Z Holdings Corporation (Zホールディングス株式会社) was a Japanese internet holding company owned by A Holdings, a joint venture between SoftBank Group and Naver Corporation. It was founded in 2019 as a result of Yahoo! Japan Corporation's change to a holding company structure. In 2020, it merged with Line Corporation, a subsidiary of South Korean Naver Corporation, and became a subsidiary of A Holdings, a joint venture between SoftBank Group and Naver Corp. As a result, Line Corporation became a subsidiary of Z Holdings. In 2023, Z Holdings merged with four of its subsidiaries, including Yahoo! Japan and Line Corporation, to form LY Corporation.

==History==
Originally, the company was established as Yahoo Japan Corporation in January 1996, but on October 1, 2019, it changed to a holding company structure due to a company split and changed its corporate name.

Due to the reorganization of the group centered on Yahoo Japan Corporation in 2019, the information and communication business division (Yahoo! JAPAN business) was absorbed and split into Yahoo Japan Corporation, and the financial enterprise management division Was split into Z Financial Co., Ltd. and transferred to a holding company, and is responsible for the management function of the entire group centered on subsidiaries from the time of the first corporation.

In November 2019 an announcement was made that a joint venture between Softbank Corp and Naver Corporation was agreed upon to merge the Z holdings corporation with Line Corporation. Under which LINE, as well as various other assets of the Z Holdings Corporation, would be controlled by another holding company called A Holdings Corporation. The A Holdings Corporation ownership was then split 50% between Naver and Softbank Corp.

In March 2021 Line Corporation officially merged with Yahoo! Japan, which had been operated by Z Holdings. Upon integrating the two businesses and creating further platforms, the merged company aims to compete with the U.S. tech giants Google, Amazon, Facebook, and Apple and the Chinese tech giants Baidu, Alibaba, and Tencent, as well as the Japanese e-commerce giant Rakuten. The merger also gives Z Holdings three additional Asian markets where Line is popular: Taiwan, Thailand, Indonesia, and Malaysia.
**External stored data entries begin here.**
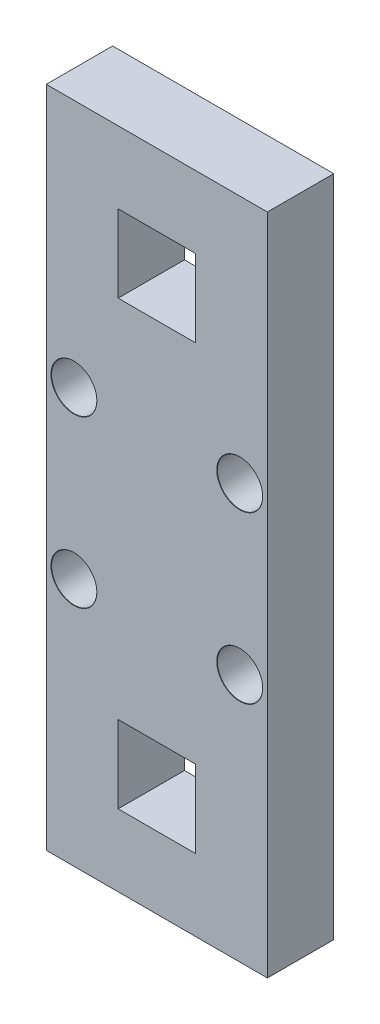
ISO-10303-21;
HEADER;
FILE_DESCRIPTION(('STEP AP214'),'2;1');
FILE_NAME('part.step','',(''),(''),'','','');
FILE_SCHEMA(('AUTOMOTIVE_DESIGN { 1 0 10303 214 1 1 1 1 }'));
ENDSEC;
DATA;
#1=APPLICATION_CONTEXT('core data for automotive mechanical design processes');
#2=APPLICATION_PROTOCOL_DEFINITION('international standard','automotive_design',2000,#1);
#3=PRODUCT_CONTEXT('',#1,'mechanical');
#4=PRODUCT('Part','Part','',(#3));
#5=PRODUCT_RELATED_PRODUCT_CATEGORY('part','',(#4));
#6=PRODUCT_DEFINITION_FORMATION('','',#4);
#7=PRODUCT_DEFINITION_CONTEXT('part definition',#1,'design');
#8=PRODUCT_DEFINITION('design','',#6,#7);
#9=PRODUCT_DEFINITION_SHAPE('','',#8);
#10=(LENGTH_UNIT() NAMED_UNIT(*) SI_UNIT(.MILLI.,.METRE.));
#11=(NAMED_UNIT(*) PLANE_ANGLE_UNIT() SI_UNIT($,.RADIAN.));
#12=(NAMED_UNIT(*) SI_UNIT($,.STERADIAN.) SOLID_ANGLE_UNIT());
#13=UNCERTAINTY_MEASURE_WITH_UNIT(LENGTH_MEASURE(1.E-05),#10,'distance_accuracy_value','');
#14=(GEOMETRIC_REPRESENTATION_CONTEXT(3) GLOBAL_UNCERTAINTY_ASSIGNED_CONTEXT((#13)) GLOBAL_UNIT_ASSIGNED_CONTEXT((#10,
#11,#12)) REPRESENTATION_CONTEXT('',''));
#15=CARTESIAN_POINT('',(0.,0.,0.));
#16=DIRECTION('',(0.,0.,1.));
#17=DIRECTION('',(1.,0.,0.));
#18=AXIS2_PLACEMENT_3D('',#15,#16,#17);
#19=CARTESIAN_POINT('',(0.,0.,6.));
#20=DIRECTION('',(0.,0.,-1.));
#21=DIRECTION('',(-1.,0.,0.));
#22=AXIS2_PLACEMENT_3D('',#19,#20,#21);
#23=PLANE('',#22);
#24=CARTESIAN_POINT('',(-7.5,7.5,6.));
#25=DIRECTION('',(0.,0.,1.));
#26=DIRECTION('',(1.,0.,0.));
#27=AXIS2_PLACEMENT_3D('',#24,#25,#26);
#28=CIRCLE('',#27,2.075);
#29=CARTESIAN_POINT('',(-5.425,7.5,6.));
#30=VERTEX_POINT('',#29);
#31=EDGE_CURVE('E308',#30,#30,#28,.T.);
#32=ORIENTED_EDGE('',*,*,#31,.F.);
#33=EDGE_LOOP('',(#32));
#34=FACE_BOUND('',#33,.T.);
#35=CARTESIAN_POINT('',(7.5,7.5,6.));
#36=DIRECTION('',(0.,0.,1.));
#37=DIRECTION('',(1.,0.,0.));
#38=AXIS2_PLACEMENT_3D('',#35,#36,#37);
#39=CIRCLE('',#38,2.075);
#40=CARTESIAN_POINT('',(9.575,7.5,6.));
#41=VERTEX_POINT('',#40);
#42=EDGE_CURVE('E296',#41,#41,#39,.T.);
#43=ORIENTED_EDGE('',*,*,#42,.F.);
#44=EDGE_LOOP('',(#43));
#45=FACE_BOUND('',#44,.T.);
#46=CARTESIAN_POINT('',(7.5,-7.5,6.));
#47=DIRECTION('',(0.,0.,1.));
#48=DIRECTION('',(1.,0.,0.));
#49=AXIS2_PLACEMENT_3D('',#46,#47,#48);
#50=CIRCLE('',#49,2.075);
#51=CARTESIAN_POINT('',(9.575,-7.5,6.));
#52=VERTEX_POINT('',#51);
#53=EDGE_CURVE('E284',#52,#52,#50,.T.);
#54=ORIENTED_EDGE('',*,*,#53,.F.);
#55=EDGE_LOOP('',(#54));
#56=FACE_BOUND('',#55,.T.);
#57=CARTESIAN_POINT('',(-7.5,-7.5,6.));
#58=DIRECTION('',(0.,0.,1.));
#59=DIRECTION('',(1.,0.,0.));
#60=AXIS2_PLACEMENT_3D('',#57,#58,#59);
#61=CIRCLE('',#60,2.075);
#62=CARTESIAN_POINT('',(-5.425,-7.5,6.));
#63=VERTEX_POINT('',#62);
#64=EDGE_CURVE('E272',#63,#63,#61,.T.);
#65=ORIENTED_EDGE('',*,*,#64,.F.);
#66=EDGE_LOOP('',(#65));
#67=FACE_BOUND('',#66,.T.);
#68=DIRECTION('',(1.,0.,0.));
#69=VECTOR('',#68,1.);
#70=CARTESIAN_POINT('',(0.,-16.5,6.));
#71=LINE('',#70,#69);
#72=CARTESIAN_POINT('',(-3.5,-16.5,6.));
#73=VERTEX_POINT('',#72);
#74=CARTESIAN_POINT('',(3.5,-16.5,6.));
#75=VERTEX_POINT('',#74);
#76=EDGE_CURVE('E141',#73,#75,#71,.T.);
#77=ORIENTED_EDGE('',*,*,#76,.T.);
#78=DIRECTION('',(0.,1.,0.));
#79=VECTOR('',#78,1.);
#80=CARTESIAN_POINT('',(3.5,0.,6.));
#81=LINE('',#80,#79);
#82=CARTESIAN_POINT('',(3.5,-23.5,6.));
#83=VERTEX_POINT('',#82);
#84=EDGE_CURVE('E55',#83,#75,#81,.T.);
#85=ORIENTED_EDGE('',*,*,#84,.F.);
#86=DIRECTION('',(1.,0.,0.));
#87=VECTOR('',#86,1.);
#88=CARTESIAN_POINT('',(0.,-23.5,6.));
#89=LINE('',#88,#87);
#90=CARTESIAN_POINT('',(-3.5,-23.5,6.));
#91=VERTEX_POINT('',#90);
#92=EDGE_CURVE('E148',#91,#83,#89,.T.);
#93=ORIENTED_EDGE('',*,*,#92,.F.);
#94=DIRECTION('',(0.,1.,0.));
#95=VECTOR('',#94,1.);
#96=CARTESIAN_POINT('',(-3.5,0.,6.));
#97=LINE('',#96,#95);
#98=EDGE_CURVE('E131',#91,#73,#97,.T.);
#99=ORIENTED_EDGE('',*,*,#98,.T.);
#100=EDGE_LOOP('',(#77,#85,#93,#99));
#101=FACE_BOUND('',#100,.T.);
#102=DIRECTION('',(0.,1.,0.));
#103=VECTOR('',#102,1.);
#104=CARTESIAN_POINT('',(10.,-30.,6.));
#105=LINE('',#104,#103);
#106=CARTESIAN_POINT('',(10.,-30.,6.));
#107=VERTEX_POINT('',#106);
#108=CARTESIAN_POINT('',(10.,30.,6.));
#109=VERTEX_POINT('',#108);
#110=EDGE_CURVE('E192',#107,#109,#105,.T.);
#111=ORIENTED_EDGE('',*,*,#110,.T.);
#112=DIRECTION('',(-1.,0.,0.));
#113=VECTOR('',#112,1.);
#114=CARTESIAN_POINT('',(-10.,30.,6.));
#115=LINE('',#114,#113);
#116=CARTESIAN_POINT('',(-10.,30.,6.));
#117=VERTEX_POINT('',#116);
#118=EDGE_CURVE('E196',#109,#117,#115,.T.);
#119=ORIENTED_EDGE('',*,*,#118,.T.);
#120=DIRECTION('',(0.,-1.,0.));
#121=VECTOR('',#120,1.);
#122=CARTESIAN_POINT('',(-10.,-30.,6.));
#123=LINE('',#122,#121);
#124=CARTESIAN_POINT('',(-10.,-30.,6.));
#125=VERTEX_POINT('',#124);
#126=EDGE_CURVE('E200',#117,#125,#123,.T.);
#127=ORIENTED_EDGE('',*,*,#126,.T.);
#128=DIRECTION('',(1.,0.,0.));
#129=VECTOR('',#128,1.);
#130=CARTESIAN_POINT('',(-10.,-30.,6.));
#131=LINE('',#130,#129);
#132=EDGE_CURVE('E203',#125,#107,#131,.T.);
#133=ORIENTED_EDGE('',*,*,#132,.T.);
#134=EDGE_LOOP('',(#111,#119,#127,#133));
#135=FACE_BOUND('',#134,.T.);
#136=DIRECTION('',(0.,-1.,0.));
#137=VECTOR('',#136,1.);
#138=CARTESIAN_POINT('',(3.5,0.,6.));
#139=LINE('',#138,#137);
#140=CARTESIAN_POINT('',(3.5,23.5,6.));
#141=VERTEX_POINT('',#140);
#142=CARTESIAN_POINT('',(3.5,16.5,6.));
#143=VERTEX_POINT('',#142);
#144=EDGE_CURVE('E158',#141,#143,#139,.T.);
#145=ORIENTED_EDGE('',*,*,#144,.T.);
#146=DIRECTION('',(1.,0.,0.));
#147=VECTOR('',#146,1.);
#148=CARTESIAN_POINT('',(0.,16.5,6.));
#149=LINE('',#148,#147);
#150=CARTESIAN_POINT('',(-3.5,16.5,6.));
#151=VERTEX_POINT('',#150);
#152=EDGE_CURVE('E174',#151,#143,#149,.T.);
#153=ORIENTED_EDGE('',*,*,#152,.F.);
#154=DIRECTION('',(0.,-1.,0.));
#155=VECTOR('',#154,1.);
#156=CARTESIAN_POINT('',(-3.5,0.,6.));
#157=LINE('',#156,#155);
#158=CARTESIAN_POINT('',(-3.5,23.5,6.));
#159=VERTEX_POINT('',#158);
#160=EDGE_CURVE('E170',#159,#151,#157,.T.);
#161=ORIENTED_EDGE('',*,*,#160,.F.);
#162=DIRECTION('',(1.,0.,0.));
#163=VECTOR('',#162,1.);
#164=CARTESIAN_POINT('',(0.,23.5,6.));
#165=LINE('',#164,#163);
#166=EDGE_CURVE('E166',#159,#141,#165,.T.);
#167=ORIENTED_EDGE('',*,*,#166,.T.);
#168=EDGE_LOOP('',(#145,#153,#161,#167));
#169=FACE_BOUND('',#168,.T.);
#170=ADVANCED_FACE('F39',(#34,#45,#56,#67,#101,#135,#169),#23,.F.);
#171=CARTESIAN_POINT('',(0.,0.,0.));
#172=DIRECTION('',(0.,0.,-1.));
#173=DIRECTION('',(-1.,0.,0.));
#174=AXIS2_PLACEMENT_3D('',#171,#172,#173);
#175=PLANE('',#174);
#176=CARTESIAN_POINT('',(-7.5,7.5,0.));
#177=DIRECTION('',(0.,0.,1.));
#178=DIRECTION('',(1.,0.,0.));
#179=AXIS2_PLACEMENT_3D('',#176,#177,#178);
#180=CIRCLE('',#179,2.05);
#181=CARTESIAN_POINT('',(-5.45,7.5,0.));
#182=VERTEX_POINT('',#181);
#183=EDGE_CURVE('E300',#182,#182,#180,.T.);
#184=ORIENTED_EDGE('',*,*,#183,.T.);
#185=EDGE_LOOP('',(#184));
#186=FACE_BOUND('',#185,.T.);
#187=CARTESIAN_POINT('',(7.5,7.5,0.));
#188=DIRECTION('',(0.,0.,1.));
#189=DIRECTION('',(1.,0.,0.));
#190=AXIS2_PLACEMENT_3D('',#187,#188,#189);
#191=CIRCLE('',#190,2.05);
#192=CARTESIAN_POINT('',(9.55,7.5,0.));
#193=VERTEX_POINT('',#192);
#194=EDGE_CURVE('E288',#193,#193,#191,.T.);
#195=ORIENTED_EDGE('',*,*,#194,.T.);
#196=EDGE_LOOP('',(#195));
#197=FACE_BOUND('',#196,.T.);
#198=CARTESIAN_POINT('',(7.5,-7.5,0.));
#199=DIRECTION('',(0.,0.,1.));
#200=DIRECTION('',(1.,0.,0.));
#201=AXIS2_PLACEMENT_3D('',#198,#199,#200);
#202=CIRCLE('',#201,2.05);
#203=CARTESIAN_POINT('',(9.55,-7.5,0.));
#204=VERTEX_POINT('',#203);
#205=EDGE_CURVE('E276',#204,#204,#202,.T.);
#206=ORIENTED_EDGE('',*,*,#205,.T.);
#207=EDGE_LOOP('',(#206));
#208=FACE_BOUND('',#207,.T.);
#209=CARTESIAN_POINT('',(-7.5,-7.5,0.));
#210=DIRECTION('',(0.,0.,1.));
#211=DIRECTION('',(1.,0.,0.));
#212=AXIS2_PLACEMENT_3D('',#209,#210,#211);
#213=CIRCLE('',#212,2.05);
#214=CARTESIAN_POINT('',(-5.45,-7.5,0.));
#215=VERTEX_POINT('',#214);
#216=EDGE_CURVE('E263',#215,#215,#213,.T.);
#217=ORIENTED_EDGE('',*,*,#216,.T.);
#218=EDGE_LOOP('',(#217));
#219=FACE_BOUND('',#218,.T.);
#220=DIRECTION('',(0.,-1.,0.));
#221=VECTOR('',#220,1.);
#222=CARTESIAN_POINT('',(3.5,0.,0.));
#223=LINE('',#222,#221);
#224=CARTESIAN_POINT('',(3.5,-16.5,0.));
#225=VERTEX_POINT('',#224);
#226=CARTESIAN_POINT('',(3.5,-23.5,0.));
#227=VERTEX_POINT('',#226);
#228=EDGE_CURVE('E11',#225,#227,#223,.T.);
#229=ORIENTED_EDGE('',*,*,#228,.F.);
#230=DIRECTION('',(-1.,0.,0.));
#231=VECTOR('',#230,1.);
#232=CARTESIAN_POINT('',(0.,-16.5,0.));
#233=LINE('',#232,#231);
#234=CARTESIAN_POINT('',(-3.5,-16.5,0.));
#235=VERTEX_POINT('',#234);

Founded in 2021, LINE Bank is a commercial bank headquartered in Taipei, Taiwan, and owned by Z Holdings.

In July 2022, SoftBank Corp and Z Holdings announced that they would consolidate PayPay, a smartphone payment service. SoftBank Group, the parent company of SoftBank Corp, had a 50% stake in PayPay and was a consolidated subsidiary. However, SoftBank Corp and Z Holdings jointly invested and established a new holding company called B Holdings. B Holdings became the parent company with a 57.9% stake in PayPay by converting PayPay's preferred shares to common shares, etc.

On October 1, 2023, Z Holdings merged with its subsidiaries, Line, Yahoo!, Z Entertainment, and Z Data, to form LY Corporation, a joint venture between SoftBank Group and Naver Corp.